Data items

+ + + +

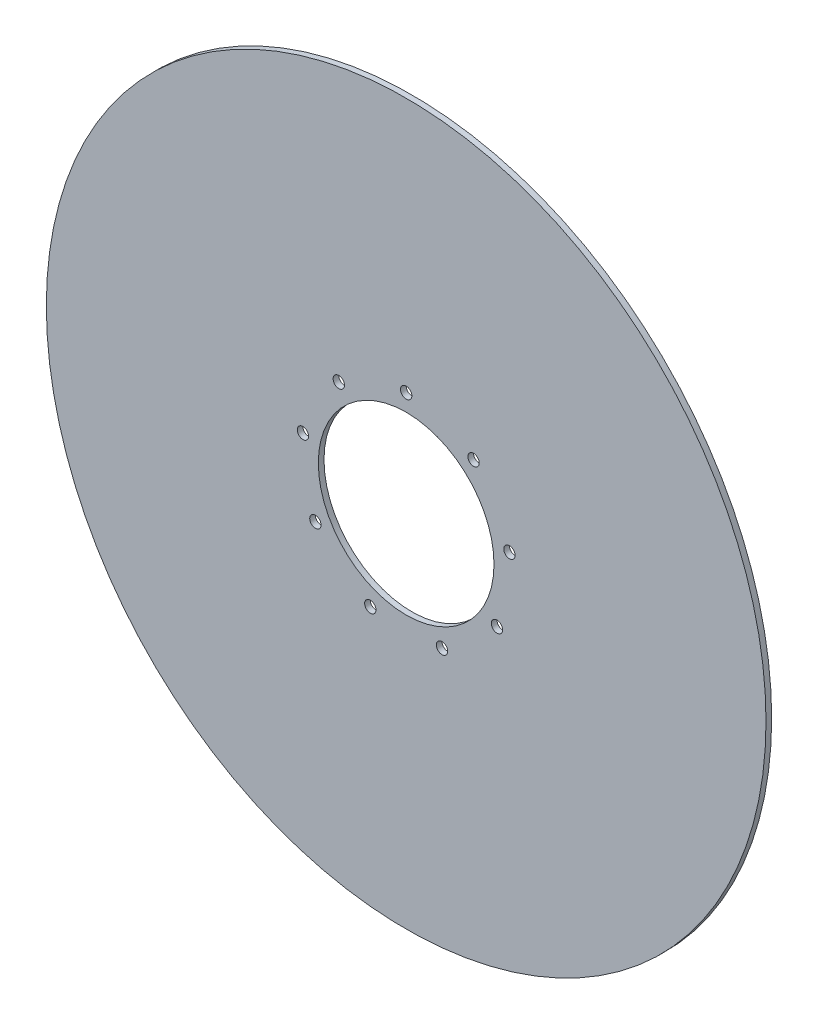
ISO-10303-21;
HEADER;
FILE_DESCRIPTION(('STEP AP214'),'2;1');
FILE_NAME('part.step','',(''),(''),'','','');
FILE_SCHEMA(('AUTOMOTIVE_DESIGN { 1 0 10303 214 1 1 1 1 }'));
ENDSEC;
DATA;
#1=APPLICATION_CONTEXT('core data for automotive mechanical design processes');
#2=APPLICATION_PROTOCOL_DEFINITION('international standard','automotive_design',2000,#1);
#3=PRODUCT_CONTEXT('',#1,'mechanical');
#4=PRODUCT('Part','Part','',(#3));
#5=PRODUCT_RELATED_PRODUCT_CATEGORY('part','',(#4));
#6=PRODUCT_DEFINITION_FORMATION('','',#4);
#7=PRODUCT_DEFINITION_CONTEXT('part definition',#1,'design');
#8=PRODUCT_DEFINITION('design','',#6,#7);
#9=PRODUCT_DEFINITION_SHAPE('','',#8);
#10=(LENGTH_UNIT() NAMED_UNIT(*) SI_UNIT(.MILLI.,.METRE.));
#11=(NAMED_UNIT(*) PLANE_ANGLE_UNIT() SI_UNIT($,.RADIAN.));
#12=(NAMED_UNIT(*) SI_UNIT($,.STERADIAN.) SOLID_ANGLE_UNIT());
#13=UNCERTAINTY_MEASURE_WITH_UNIT(LENGTH_MEASURE(1.E-05),#10,'distance_accuracy_value','');
#14=(GEOMETRIC_REPRESENTATION_CONTEXT(3) GLOBAL_UNCERTAINTY_ASSIGNED_CONTEXT((#13)) GLOBAL_UNIT_ASSIGNED_CONTEXT((#10,
#11,#12)) REPRESENTATION_CONTEXT('',''));
#15=CARTESIAN_POINT('',(0.,0.,0.));
#16=DIRECTION('',(0.,0.,1.));
#17=DIRECTION('',(1.,0.,0.));
#18=AXIS2_PLACEMENT_3D('',#15,#16,#17);
#19=CARTESIAN_POINT('',(0.,0.,-5.));
#20=DIRECTION('',(0.,0.,1.));
#21=DIRECTION('',(1.,0.,0.));
#22=AXIS2_PLACEMENT_3D('',#19,#20,#21);
#23=CYLINDRICAL_SURFACE('',#22,317.5);
#24=CARTESIAN_POINT('',(0.,0.,-5.));
#25=DIRECTION('',(0.,0.,1.));
#26=DIRECTION('',(1.,0.,0.));
#27=AXIS2_PLACEMENT_3D('',#24,#25,#26);
#28=CIRCLE('',#27,317.5);
#29=CARTESIAN_POINT('',(317.5,0.,-5.));
#30=VERTEX_POINT('',#29);
#31=EDGE_CURVE('E10',#30,#30,#28,.T.);
#32=ORIENTED_EDGE('',*,*,#31,.T.);
#33=EDGE_LOOP('',(#32));
#34=FACE_BOUND('',#33,.T.);
#35=CARTESIAN_POINT('',(0.,0.,0.));
#36=DIRECTION('',(0.,0.,1.));
#37=DIRECTION('',(1.,0.,0.));
#38=AXIS2_PLACEMENT_3D('',#35,#36,#37);
#39=CIRCLE('',#38,317.5);
#40=CARTESIAN_POINT('',(317.5,0.,0.));
#41=VERTEX_POINT('',#40);
#42=EDGE_CURVE('E42',#41,#41,#39,.T.);
#43=ORIENTED_EDGE('',*,*,#42,.F.);
#44=EDGE_LOOP('',(#43));
#45=FACE_BOUND('',#44,.T.);
#46=ADVANCED_FACE('F35',(#34,#45),#23,.T.);
#47=CARTESIAN_POINT('',(0.,0.,-5.));
#48=DIRECTION('',(0.,0.,1.));
#49=DIRECTION('',(1.,0.,0.));
#50=AXIS2_PLACEMENT_3D('',#47,#48,#49);
#51=PLANE('',#50);
#52=CARTESIAN_POINT('',(-59.457853896004,70.8591109885062,-5.));
#53=DIRECTION('',(0.,0.,-1.));
#54=DIRECTION('',(-0.766044443118986,-0.64278760968653,0.));
#55=AXIS2_PLACEMENT_3D('',#52,#53,#54);
#56=CIRCLE('',#55,5.);
#57=CARTESIAN_POINT('',(-63.288076111599,67.6451729400736,-5.));
#58=VERTEX_POINT('',#57);
#59=EDGE_CURVE('E94',#58,#58,#56,.T.);
#60=ORIENTED_EDGE('',*,*,#59,.F.);
#61=EDGE_LOOP('',(#60));
#62=FACE_BOUND('',#61,.T.);
#63=CARTESIAN_POINT('',(-91.0947171536291,16.062456434192,-5.));
#64=DIRECTION('',(0.,0.,-1.));
#65=DIRECTION('',(-0.17364817766694,-0.984807753012206,0.));
#66=AXIS2_PLACEMENT_3D('',#63,#64,#65);
#67=CIRCLE('',#66,5.);
#68=CARTESIAN_POINT('',(-91.9629580419638,11.138417669131,-5.));
#69=VERTEX_POINT('',#68);
#70=EDGE_CURVE('E84',#69,#69,#67,.T.);
#71=ORIENTED_EDGE('',*,*,#70,.F.);
#72=EDGE_LOOP('',(#71));
#73=FACE_BOUND('',#72,.T.);
#74=CARTESIAN_POINT('',(-80.107349850061,-46.2499999999993,-5.));
#75=DIRECTION('',(0.,0.,-1.));
#76=DIRECTION('',(0.499999999999992,-0.866025403784443,0.));
#77=AXIS2_PLACEMENT_3D('',#74,#75,#76);
#78=CIRCLE('',#77,5.);
#79=CARTESIAN_POINT('',(-77.607349850061,-50.5801270189215,-5.));
#80=VERTEX_POINT('',#79);
#81=EDGE_CURVE('E81',#80,#80,#78,.T.);
#82=ORIENTED_EDGE('',*,*,#81,.F.);
#83=EDGE_LOOP('',(#82));
#84=FACE_BOUND('',#83,.T.);
#85=CARTESIAN_POINT('',(-31.636863257625,-86.9215674226963,-5.));
#86=DIRECTION('',(0.,0.,-1.));
#87=DIRECTION('',(0.939692620785906,-0.342020143325676,0.));
#88=AXIS2_PLACEMENT_3D('',#85,#86,#87);
#89=CIRCLE('',#88,5.);
#90=CARTESIAN_POINT('',(-26.9384001536955,-88.6316681393247,-5.));
#91=VERTEX_POINT('',#90);
#92=EDGE_CURVE('E78',#91,#91,#89,.T.);
#93=ORIENTED_EDGE('',*,*,#92,.F.);
#94=EDGE_LOOP('',(#93));
#95=FACE_BOUND('',#94,.T.);
#96=CARTESIAN_POINT('',(31.6368632576238,-86.9215674226967,-5.));
#97=DIRECTION('',(0.,0.,-1.));
#98=DIRECTION('',(0.939692620785911,0.342020143325663,0.));
#99=AXIS2_PLACEMENT_3D('',#96,#97,#98);
#100=CIRCLE('',#99,5.);
#101=CARTESIAN_POINT('',(36.3353263615534,-85.2114667060684,-5.));
#102=VERTEX_POINT('',#101);
#103=EDGE_CURVE('E74',#102,#102,#100,.T.);
#104=ORIENTED_EDGE('',*,*,#103,.F.);
#105=EDGE_LOOP('',(#104));
#106=FACE_BOUND('',#105,.T.);
#107=CARTESIAN_POINT('',(80.1073498500604,-46.2500000000004,-5.));
#108=DIRECTION('',(0.,0.,-1.));
#109=DIRECTION('',(0.500000000000004,0.866025403784436,0.));
#110=AXIS2_PLACEMENT_3D('',#107,#108,#109);
#111=CIRCLE('',#110,5.);
#112=CARTESIAN_POINT('',(82.6073498500604,-41.9198729810782,-5.));
#113=VERTEX_POINT('',#112);
#114=EDGE_CURVE('E70',#113,#113,#111,.T.);
#115=ORIENTED_EDGE('',*,*,#114,.F.);
#116=EDGE_LOOP('',(#115));
#117=FACE_BOUND('',#116,.T.);
#118=CARTESIAN_POINT('',(91.0947171536293,16.0624564341908,-5.));
#119=DIRECTION('',(0.,0.,-1.));
#120=DIRECTION('',(-0.173648177666927,0.984807753012209,0.));
#121=AXIS2_PLACEMENT_3D('',#118,#119,#120);
#122=CIRCLE('',#121,5.);
#123=CARTESIAN_POINT('',(90.2264762652947,20.9864951992518,-5.));
#124=VERTEX_POINT('',#123);
#125=EDGE_CURVE('E66',#124,#124,#122,.T.);
#126=ORIENTED_EDGE('',*,*,#125,.F.);
#127=EDGE_LOOP('',(#126));
#128=FACE_BOUND('',#127,.T.);
#129=CARTESIAN_POINT('',(59.457853896005,70.8591109885054,-5.));
#130=DIRECTION('',(0.,0.,-1.));
#131=DIRECTION('',(-0.766044443118977,0.642787609686541,0.));
#132=AXIS2_PLACEMENT_3D('',#129,#130,#131);
#133=CIRCLE('',#132,5.);
#134=CARTESIAN_POINT('',(55.6276316804101,74.0730490369381,-5.));
#135=VERTEX_POINT('',#134);
#136=EDGE_CURVE('E62',#135,#135,#133,.T.);
#137=ORIENTED_EDGE('',*,*,#136,.F.);
#138=EDGE_LOOP('',(#137));
#139=FACE_BOUND('',#138,.T.);
#140=CARTESIAN_POINT('',(0.,92.5,-5.));
#141=DIRECTION('',(0.,0.,-1.));
#142=DIRECTION('',(-1.,0.,0.));
#143=AXIS2_PLACEMENT_3D('',#140,#141,#142);
#144=CIRCLE('',#143,5.);
#145=CARTESIAN_POINT('',(-5.,92.5,-5.));
#146=VERTEX_POINT('',#145);
#147=EDGE_CURVE('E58',#146,#146,#144,.T.);
#148=ORIENTED_EDGE('',*,*,#147,.F.);
#149=EDGE_LOOP('',(#148));
#150=FACE_BOUND('',#149,.T.);
#151=CARTESIAN_POINT('',(0.,0.,-5.));
#152=DIRECTION('',(0.,0.,-1.));
#153=DIRECTION('',(-1.,0.,0.));
#154=AXIS2_PLACEMENT_3D('',#151,#152,#153);
#155=CIRCLE('',#154,77.5);
#156=CARTESIAN_POINT('',(-77.5,0.,-5.));
#157=VERTEX_POINT('',#156);
#158=EDGE_CURVE('E50',#157,#157,#155,.T.);
#159=ORIENTED_EDGE('',*,*,#158,.F.);
#160=EDGE_LOOP('',(#159));
#161=FACE_BOUND('',#160,.T.);
#162=ORIENTED_EDGE('',*,*,#31,.F.);
#163=EDGE_LOOP('',(#162));
#164=FACE_BOUND('',#163,.T.);
#165=ADVANCED_FACE('F111',(#62,#73,#84,#95,#106,#117,#128,#139,#150,#161,#164),#51,.F.);
#166=CARTESIAN_POINT('',(0.,0.,0.));
#167=DIRECTION('',(0.,0.,1.));
#168=DIRECTION('',(1.,0.,0.));
#169=AXIS2_PLACEMENT_3D('',#166,#167,#168);
#170=PLANE('',#169);
#171=CARTESIAN_POINT('',(-59.457853896004,70.8591109885062,0.));
#172=DIRECTION('',(0.,0.,1.));
#173=DIRECTION('',(1.,0.,0.));
#174=AXIS2_PLACEMENT_3D('',#171,#172,#173);
#175=CIRCLE('',#174,5.);
#176=CARTESIAN_POINT('',(-54.457853896004,70.8591109885062,0.));
#177=VERTEX_POINT('',#176);
#178=EDGE_CURVE('E38',#177,#177,#175,.T.);
#179=ORIENTED_EDGE('',*,*,#178,.F.);
#180=EDGE_LOOP('',(#179));
#181=FACE_BOUND('',#180,.T.);
#182=CARTESIAN_POINT('',(-91.0947171536291,16.062456434192,0.));
#183=DIRECTION('',(0.,0.,1.));
#184=DIRECTION('',(1.,0.,0.));
#185=AXIS2_PLACEMENT_3D('',#182,#183,#184);
#186=CIRCLE('',#185,5.);
#187=CARTESIAN_POINT('',(-86.0947171536291,16.062456434192,0.));
#188=VERTEX_POINT('',#187);
#189=EDGE_CURVE('E82',#188,#188,#186,.T.);
#190=ORIENTED_EDGE('',*,*,#189,.F.);
#191=EDGE_LOOP('',(#190));
#192=FACE_BOUND('',#191,.T.);
#193=CARTESIAN_POINT('',(-80.107349850061,-46.2499999999993,0.));
#194=DIRECTION('',(0.,0.,1.));
#195=DIRECTION('',(1.,0.,0.));
#196=AXIS2_PLACEMENT_3D('',#193,#194,#195);
#197=CIRCLE('',#196,5.);
#198=CARTESIAN_POINT('',(-75.107349850061,-46.2499999999993,0.));
#199=VERTEX_POINT('',#198);
#200=EDGE_CURVE('E79',#199,#199,#197,.T.);
#201=ORIENTED_EDGE('',*,*,#200,.F.);
#202=EDGE_LOOP('',(#201));
#203=FACE_BOUND('',#202,.T.);
#204=CARTESIAN_POINT('',(-31.636863257625,-86.9215674226963,0.));
#205=DIRECTION('',(0.,0.,1.));
#206=DIRECTION('',(1.,0.,0.));
#207=AXIS2_PLACEMENT_3D('',#204,#205,#206);
#208=CIRCLE('',#207,5.);
#209=CARTESIAN_POINT('',(-26.636863257625,-86.9215674226963,0.));
#210=VERTEX_POINT('',#209);
#211=EDGE_CURVE('E75',#210,#210,#208,.T.);
#212=ORIENTED_EDGE('',*,*,#211,.F.);
#213=EDGE_LOOP('',(#212));
#214=FACE_BOUND('',#213,.T.);
#215=CARTESIAN_POINT('',(31.6368632576238,-86.9215674226967,0.));
#216=DIRECTION('',(0.,0.,1.));
#217=DIRECTION('',(1.,0.,0.));
#218=AXIS2_PLACEMENT_3D('',#215,#216,#217);
#219=CIRCLE('',#218,5.);
#220=CARTESIAN_POINT('',(36.6368632576238,-86.9215674226967,0.));
#221=VERTEX_POINT('',#220);
#222=EDGE_CURVE('E71',#221,#221,#219,.T.);
#223=ORIENTED_EDGE('',*,*,#222,.F.);
#224=EDGE_LOOP('',(#223));
#225=FACE_BOUND('',#224,.T.);
#226=CARTESIAN_POINT('',(80.1073498500604,-46.2500000000004,0.));
#227=DIRECTION('',(0.,0.,1.));
#228=DIRECTION('',(1.,0.,0.));
#229=AXIS2_PLACEMENT_3D('',#226,#227,#228);
#230=CIRCLE('',#229,5.);
#231=CARTESIAN_POINT('',(85.1073498500604,-46.2500000000004,0.));
#232=VERTEX_POINT('',#231);
#233=EDGE_CURVE('E67',#232,#232,#230,.T.);
#234=ORIENTED_EDGE('',*,*,#233,.F.);
#235=EDGE_LOOP('',(#234));
#236=FACE_BOUND('',#235,.T.);
#237=CARTESIAN_POINT('',(91.0947171536293,16.0624564341908,0.));
#238=DIRECTION('',(0.,0.,1.));
#239=DIRECTION('',(1.,0.,0.));
#240=AXIS2_PLACEMENT_3D('',#237,#238,#239);
#241=CIRCLE('',#240,5.);
#242=CARTESIAN_POINT('',(96.0947171536293,16.0624564341908,0.));
#243=VERTEX_POINT('',#242);
#244=EDGE_CURVE('E63',#243,#243,#241,.T.);
#245=ORIENTED_EDGE('',*,*,#244,.F.);
#246=EDGE_LOOP('',(#245));
#247=FACE_BOUND('',#246,.T.);
#248=CARTESIAN_POINT('',(59.457853896005,70.8591109885054,0.));
#249=DIRECTION('',(0.,0.,1.));
#250=DIRECTION('',(1.,0.,0.));
#251=AXIS2_PLACEMENT_3D('',#248,#249,#250);
#252=CIRCLE('',#251,5.);
#253=CARTESIAN_POINT('',(64.457853896005,70.8591109885054,0.));
#254=VERTEX_POINT('',#253);
#255=EDGE_CURVE('E59',#254,#254,#252,.T.);
#256=ORIENTED_EDGE('',*,*,#255,.F.);
#257=EDGE_LOOP('',(#256));
#258=FACE_BOUND('',#257,.T.);
#259=CARTESIAN_POINT('',(0.,92.5,0.));
#260=DIRECTION('',(0.,0.,1.));
#261=DIRECTION('',(1.,0.,0.));
#262=AXIS2_PLACEMENT_3D('',#259,#260,#261);
#263=CIRCLE('',#262,5.);
#264=CARTESIAN_POINT('',(5.,92.5,0.));
#265=VERTEX_POINT('',#264);
#266=EDGE_CURVE('E55',#265,#265,#263,.T.);
#267=ORIENTED_EDGE('',*,*,#266,.F.);
#268=EDGE_LOOP('',(#267));
#269=FACE_BOUND('',#268,.T.);
#270=CARTESIAN_POINT('',(0.,0.,0.));
#271=DIRECTION('',(0.,0.,1.));
#272=DIRECTION('',(1.,0.,0.));
#273=AXIS2_PLACEMENT_3D('',#270,#271,#272);
#274=CIRCLE('',#273,77.5);
#275=CARTESIAN_POINT('',(77.5,0.,0.));
#276=VERTEX_POINT('',#275);
#277=EDGE_CURVE('E47',#276,#276,#274,.T.);
#278=ORIENTED_EDGE('',*,*,#277,.F.);
#279=EDGE_LOOP('',(#278));
#280=FACE_BOUND('',#279,.T.);
#281=ORIENTED_EDGE('',*,*,#42,.T.);
#282=EDGE_LOOP('',(#281));
#283=FACE_BOUND('',#282,.T.);
#284=ADVANCED_FACE('F114',(#181,#192,#203,#214,#225,#236,#247,#258,#269,#280,#283),#170,.T.);
#285=CARTESIAN_POINT('',(0.,0.,5.));
#286=DIRECTION('',(0.,0.,-1.));
#287=DIRECTION('',(-1.,0.,0.));
#288=AXIS2_PLACEMENT_3D('',#285,#286,#287);
#289=CYLINDRICAL_SURFACE('',#288,77.5);
#290=ORIENTED_EDGE('',*,*,#277,.T.);
#291=EDGE_LOOP('',(#290));
#292=FACE_BOUND('',#291,.T.);
#293=ORIENTED_EDGE('',*,*,#158,.T.);
#294=EDGE_LOOP('',(#293));
#295=FACE_BOUND('',#294,.T.);
#296=ADVANCED_FACE('F121',(#292,#295),#289,.F.);
#297=CARTESIAN_POINT('',(0.,92.5,5.));
#298=DIRECTION('',(0.,0.,-1.));
#299=DIRECTION('',(-1.,0.,0.));
#300=AXIS2_PLACEMENT_3D('',#297,#298,#299);
#301=CYLINDRICAL_SURFACE('',#300,5.);
#302=ORIENTED_EDGE('',*,*,#266,.T.);
#303=EDGE_LOOP('',(#302));
#304=FACE_BOUND('',#303,.T.);
#305=ORIENTED_EDGE('',*,*,#147,.T.);
#306=EDGE_LOOP('',(#305));
#307=FACE_BOUND('',#306,.T.);
#308=ADVANCED_FACE('F109',(#304,#307),#301,.F.);
#309=CARTESIAN_POINT('',(59.457853896005,70.8591109885054,5.));
#310=DIRECTION('',(0.,0.,-1.));
#311=DIRECTION('',(-1.,0.,0.));
#312=AXIS2_PLACEMENT_3D('',#309,#310,#311);
#313=CYLINDRICAL_SURFACE('',#312,5.);
#314=ORIENTED_EDGE('',*,*,#255,.T.);
#315=EDGE_LOOP('',(#314));
#316=FACE_BOUND('',#315,.T.);
#317=ORIENTED_EDGE('',*,*,#136,.T.);
#318=EDGE_LOOP('',(#317));
#319=FACE_BOUND('',#318,.T.);
#320=ADVANCED_FACE('F129',(#316,#319),#313,.F.);
#321=CARTESIAN_POINT('',(91.0947171536293,16.0624564341908,5.));
#322=DIRECTION('',(0.,0.,-1.));
#323=DIRECTION('',(-1.,0.,0.));
#324=AXIS2_PLACEMENT_3D('',#321,#322,#323);
#325=CYLINDRICAL_SURFACE('',#324,5.);
#326=ORIENTED_EDGE('',*,*,#244,.T.);
#327=EDGE_LOOP('',(#326));
#328=FACE_BOUND('',#327,.T.);
#329=ORIENTED_EDGE('',*,*,#125,.T.);
#330=EDGE_LOOP('',(#329));
#331=FACE_BOUND('',#330,.T.);
#332=ADVANCED_FACE('F159',(#328,#331),#325,.F.);
#333=CARTESIAN_POINT('',(80.1073498500604,-46.2500000000004,5.));
#334=DIRECTION('',(0.,0.,-1.));
#335=DIRECTION('',(-1.,0.,0.));
#336=AXIS2_PLACEMENT_3D('',#333,#334,#335);
#337=CYLINDRICAL_SURFACE('',#336,5.);
#338=ORIENTED_EDGE('',*,*,#233,.T.);
#339=EDGE_LOOP('',(#338));
#340=FACE_BOUND('',#339,.T.);
#341=ORIENTED_EDGE('',*,*,#114,.T.);
#342=EDGE_LOOP('',(#341));
#343=FACE_BOUND('',#342,.T.);
#344=ADVANCED_FACE('F171',(#340,#343),#337,.F.);
#345=CARTESIAN_POINT('',(31.6368632576238,-86.9215674226967,5.));
#346=DIRECTION('',(0.,0.,-1.));
#347=DIRECTION('',(-1.,0.,0.));
#348=AXIS2_PLACEMENT_3D('',#345,#346,#347);
#349=CYLINDRICAL_SURFACE('',#348,5.);
#350=ORIENTED_EDGE('',*,*,#222,.T.);
#351=EDGE_LOOP('',(#350));
#352=FACE_BOUND('',#351,.T.);
#353=ORIENTED_EDGE('',*,*,#103,.T.);
#354=EDGE_LOOP('',(#353));
#355=FACE_BOUND('',#354,.T.);
#356=ADVANCED_FACE('F182',(#352,#355),#349,.F.);
#357=CARTESIAN_POINT('',(-31.636863257625,-86.9215674226963,5.));
#358=DIRECTION('',(0.,0.,-1.));
#359=DIRECTION('',(-1.,0.,0.));
#360=AXIS2_PLACEMENT_3D('',#357,#358,#359);
#361=CYLINDRICAL_SURFACE('',#360,5.);
#362=ORIENTED_EDGE('',*,*,#211,.T.);
#363=EDGE_LOOP('',(#362));
#364=FACE_BOUND('',#363,.T.);
#365=ORIENTED_EDGE('',*,*,#92,.T.);
#366=EDGE_LOOP('',(#365));
#367=FACE_BOUND('',#366,.T.);
#368=ADVANCED_FACE('F193',(#364,#367),#361,.F.);
#369=CARTESIAN_POINT('',(-80.107349850061,-46.2499999999993,5.));
#370=DIRECTION('',(0.,0.,-1.));
#371=DIRECTION('',(-1.,0.,0.));
#372=AXIS2_PLACEMENT_3D('',#369,#370,#371);
#373=CYLINDRICAL_SURFACE('',#372,5.);
#374=ORIENTED_EDGE('',*,*,#200,.T.);
#375=EDGE_LOOP('',(#374));
#376=FACE_BOUND('',#375,.T.);
#377=ORIENTED_EDGE('',*,*,#81,.T.);
#378=EDGE_LOOP('',(#377));
#379=FACE_BOUND('',#378,.T.);
#380=ADVANCED_FACE('F204',(#376,#379),#373,.F.);
#381=CARTESIAN_POINT('',(-91.0947171536291,16.062456434192,5.));
#382=DIRECTION('',(0.,0.,-1.));
#383=DIRECTION('',(-1.,0.,0.));
#384=AXIS2_PLACEMENT_3D('',#381,#382,#383);
#385=CYLINDRICAL_SURFACE('',#384,5.);
#386=ORIENTED_EDGE('',*,*,#189,.T.);
#387=EDGE_LOOP('',(#386));
#388=FACE_BOUND('',#387,.T.);
#389=ORIENTED_EDGE('',*,*,#70,.T.);
#390=EDGE_LOOP('',(#389));
#391=FACE_BOUND('',#390,.T.);
#392=ADVANCED_FACE('F215',(#388,#391),#385,.F.);
#393=CARTESIAN_POINT('',(-59.457853896004,70.8591109885062,5.));
#394=DIRECTION('',(0.,0.,-1.));
#395=DIRECTION('',(-1.,0.,0.));
#396=AXIS2_PLACEMENT_3D('',#393,#394,#395);
#397=CYLINDRICAL_SURFACE('',#396,5.);
#398=ORIENTED_EDGE('',*,*,#178,.T.);
#399=EDGE_LOOP('',(#398));
#400=FACE_BOUND('',#399,.T.);
#401=ORIENTED_EDGE('',*,*,#59,.T.);
#402=EDGE_LOOP('',(#401));
#403=FACE_BOUND('',#402,.T.);
#404=ADVANCED_FACE('F226',(#400,#403),#397,.F.);
#405=CLOSED_SHELL('',(#46,#165,#284,#296,#308,#320,#332,#344,#356,#368,#380,#392,#404));
#406=MANIFOLD_SOLID_BREP('B2',#405);
#407=ADVANCED_BREP_SHAPE_REPRESENTATION('',(#18,#406),#14);
#408=SHAPE_DEFINITION_REPRESENTATION(#9,#407);
ENDSEC;
END-ISO-10303-21;

+ + + +

## [WHAT YOU ARE ASKED TO DO]
All lines above between those holding "#40=CARTESIAN_POINT('',(317.5,0.,0.));" and "#91=VERTEX_POINT('',#90);", inclusive, must be set down unchanged, and no other line may be included.

## [SOLUTION TO THIS EXERCISE]
#40=CARTESIAN_POINT('',(317.5,0.,0.));
#41=VERTEX_POINT('',#40);
#42=EDGE_CURVE('E42',#41,#41,#39,.T.);
#43=ORIENTED_EDGE('',*,*,#42,.F.);
#44=EDGE_LOOP('',(#43));
#45=FACE_BOUND('',#44,.T.);
#46=ADVANCED_FACE('F35',(#34,#45),#23,.T.);
#47=CARTESIAN_POINT('',(0.,0.,-5.));
#48=DIRECTION('',(0.,0.,1.));
#49=DIRECTION('',(1.,0.,0.));
#50=AXIS2_PLACEMENT_3D('',#47,#48,#49);
#51=PLANE('',#50);
#52=CARTESIAN_POINT('',(-59.457853896004,70.8591109885062,-5.));
#53=DIRECTION('',(0.,0.,-1.));
#54=DIRECTION('',(-0.766044443118986,-0.64278760968653,0.));
#55=AXIS2_PLACEMENT_3D('',#52,#53,#54);
#56=CIRCLE('',#55,5.);
#57=CARTESIAN_POINT('',(-63.288076111599,67.6451729400736,-5.));
#58=VERTEX_POINT('',#57);
#59=EDGE_CURVE('E94',#58,#58,#56,.T.);
#60=ORIENTED_EDGE('',*,*,#59,.F.);
#61=EDGE_LOOP('',(#60));
#62=FACE_BOUND('',#61,.T.);
#63=CARTESIAN_POINT('',(-91.0947171536291,16.062456434192,-5.));
#64=DIRECTION('',(0.,0.,-1.));
#65=DIRECTION('',(-0.17364817766694,-0.984807753012206,0.));
#66=AXIS2_PLACEMENT_3D('',#63,#64,#65);
#67=CIRCLE('',#66,5.);
#68=CARTESIAN_POINT('',(-91.9629580419638,11.138417669131,-5.));
#69=VERTEX_POINT('',#68);
#70=EDGE_CURVE('E84',#69,#69,#67,.T.);
#71=ORIENTED_EDGE('',*,*,#70,.F.);
#72=EDGE_LOOP('',(#71));
#73=FACE_BOUND('',#72,.T.);
#74=CARTESIAN_POINT('',(-80.107349850061,-46.2499999999993,-5.));
#75=DIRECTION('',(0.,0.,-1.));
#76=DIRECTION('',(0.499999999999992,-0.866025403784443,0.));
#77=AXIS2_PLACEMENT_3D('',#74,#75,#76);
#78=CIRCLE('',#77,5.);
#79=CARTESIAN_POINT('',(-77.607349850061,-50.5801270189215,-5.));
#80=VERTEX_POINT('',#79);
#81=EDGE_CURVE('E81',#80,#80,#78,.T.);
#82=ORIENTED_EDGE('',*,*,#81,.F.);
#83=EDGE_LOOP('',(#82));
#84=FACE_BOUND('',#83,.T.);
#85=CARTESIAN_POINT('',(-31.636863257625,-86.9215674226963,-5.));
#86=DIRECTION('',(0.,0.,-1.));
#87=DIRECTION('',(0.939692620785906,-0.342020143325676,0.));
#88=AXIS2_PLACEMENT_3D('',#85,#86,#87);
#89=CIRCLE('',#88,5.);
#90=CARTESIAN_POINT('',(-26.9384001536955,-88.6316681393247,-5.));
#91=VERTEX_POINT('',#90);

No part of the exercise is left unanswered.